Он говорил так, как будто спорил с кем-то, как будто самоутверждал себя, хозяйственного работника. Вот, мол-де, вы, геологи, открытия делаете, ученые труды пишете, ученые звания получаете, а мы, хозяйственники, хоть и маленькие люди, а тоже героизма не лишены.

— И не боитесь вы ездить? — спросил Глухов. — Небось у вас с собой немалые деньги.

— Шесть с лишним тысяч, — сказал Разгуляев. — Ну, да здесь как будто спокойно, да и кто знает, сколько у меня денег.

Мы снова помолчали. Потом Глухов встал и, потягиваясь, сказал:

— Ну что же, товарищи, давайте ложиться?

— Вы завтра в маршрут? — спросил Разгуляев.

— Часиков в пять встанем, а к шести тронемся, — сказал Глухов.

— Э… э… э… — протянул Разгуляев. — Тогда давайте я вам сейчас и зарплату выдам. Мне так рано вставать не с руки. Устал очень, надо отоспаться.

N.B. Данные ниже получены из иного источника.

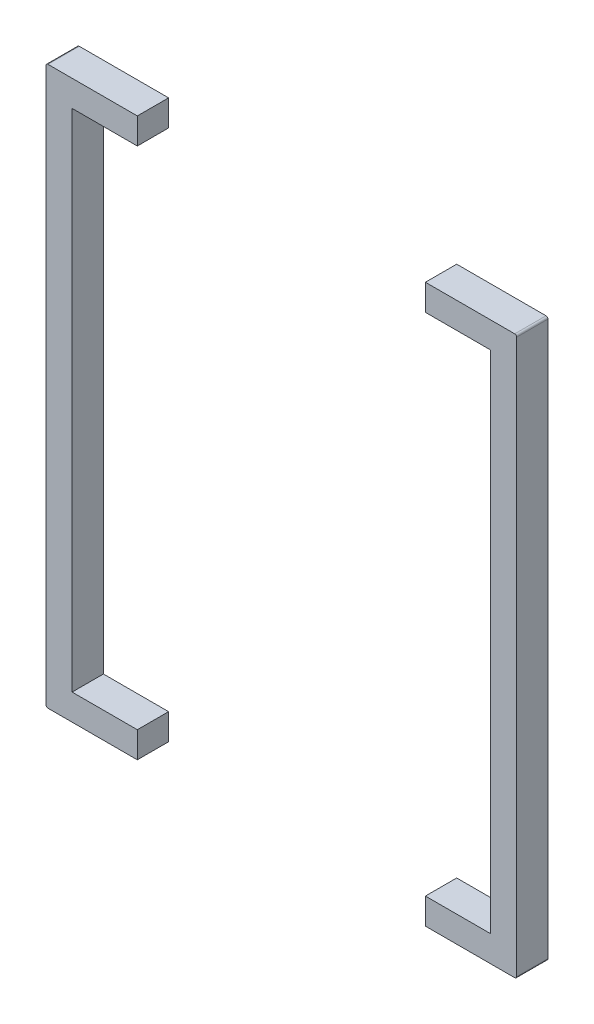
SolidWorks part; units mm, degrees
material "Melamine resin"
ref_plane "Plano frontal" through (0, 0, 0) normal (0, 0, 1) x (1, 0, 0)
ref_plane "Plano superior" through (0, 0, 0) normal (0, 1, 0) x (1, 0, 0)
ref_plane "Plano direito" through (0, 0, 0) normal (1, 0, 0) x (0, 0, -1)
sketch "Esboço1" plane through (0, 0, 0) normal (0, 0, 1) x (1, 0, 0)
  line L1 (-76.152, 222.0831) -> (104.318, 222.0831)
  line L2 (-76.152, 222.0831) -> (-76.152, 8.2431)
  line L3 (-76.152, 8.2431) -> (104.318, 8.2431)
  line L4 (104.318, 222.0831) -> (104.318, 8.2431)
  dimension "D1" = 180.47
  dimension "D2" = 213.84
extrude "Ressalto-extrusão1" add sketch "Esboço1" along normal blind 12
fillet "Filete2" radius 0.7366 1 edges at (104.318, 222.0831, 6)
fillet "Filete3" radius 0.7366 1 edges at (104.318, 8.2431, 6)
fillet "Filete4" radius 0.7366 1 edges at (-76.152, 8.2431, 6)
fillet "Filete5" radius 0.7366 1 edges at (-76.152, 222.0831, 6)
sketch "Esboço2" plane through (0, 0, 12) normal (0, 0, 1) x (1, 0, 0)
  line L0 (69.318, 222.0831) -> (103.5846, 222.0831) construction
  line L1 (-66.152, 212.0831) -> (94.318, 212.0831)
  line L2 (-66.152, 212.0831) -> (-66.152, 18.2431)
  line L3 (-66.152, 18.2431) -> (94.318, 18.2431)
  line L4 (94.318, 212.0831) -> (94.318, 18.2431)
  line L5 (104.318, 8.9797) -> (104.318, 221.3465) construction
  line L6 (-75.4154, 8.2431) -> (103.5814, 8.2431) construction
  line L7 (-76.152, 221.3465) -> (-76.152, 8.9797) construction
  dimension "D1" = 10
  dimension "D2" = 10
  dimension "D3" = 10
  dimension "D4" = 10
extrude "Corte-extrusão1" cut sketch "Esboço2" against normal up to next
sketch "Esboço5" plane through (0, 222.0831, 0) normal (0, 1, 0) x (-1, 0, 0)
  line L0 (-103.5814, 0) -> (75.4154, 0) construction
  line L1 (-69.318, 0) -> (41.152, 0)
  line L2 (-69.318, 0) -> (-69.318, 12)
  line L3 (-69.318, 12) -> (41.152, 12)
  line L4 (41.152, 0) -> (41.152, 12)
  line L5 (-103.5814, 12) -> (75.4154, 12) construction
  line L6 (76.152, 12) -> (76.152, 0) construction
  line L7 (-104.318, 0) -> (-104.318, 12) construction
  dimension "D1" = 35
  dimension "D2" = 35
extrude "Corte-extrusão2" cut sketch "Esboço5" against normal up to next
sketch "Esboço6" plane through (0, 8.2431, 0) normal (0, -1, 0) x (1, 0, 0)
  line L0 (-75.4154, 12) -> (103.5814, 12) construction
  line L1 (69.318, 12) -> (-41.152, 12)
  line L2 (69.318, 12) -> (69.318, 0)
  line L3 (69.318, 0) -> (-41.152, 0)
  line L4 (-41.152, 12) -> (-41.152, 0)
  line L5 (-75.4154, 0) -> (103.5814, 0) construction
  line L6 (-76.152, 0) -> (-76.152, 12) construction
  line L7 (104.318, 12) -> (104.318, 0) construction
  dimension "D1" = 35
  dimension "D2" = 35
extrude "Corte-extrusão3" cut sketch "Esboço6" against normal up to next

— Выдадите завтра вечером, — сказал я.

— Нет уж, извините, — возразил Разгуляев, — раз приехал, надо выдавать, мало ли что. Порядок есть порядок.

И снова меня разозлил этот пафос на голом месте. К чему все это, если никому из нас не нужны деньги? А уж если привез, все равно, сегодня дашь или завтра. Видно, самолюбив был Разгуляев. Видно, не хотелось ему мириться с тем, что другие, то есть мы, исследователи, заняты трудом, требующим большого физического напряжения, самоотверженности, порою риска, а он всего-то заместитель по хозяйственной части. Видно, важно было ему доказать, что и он не хуже других.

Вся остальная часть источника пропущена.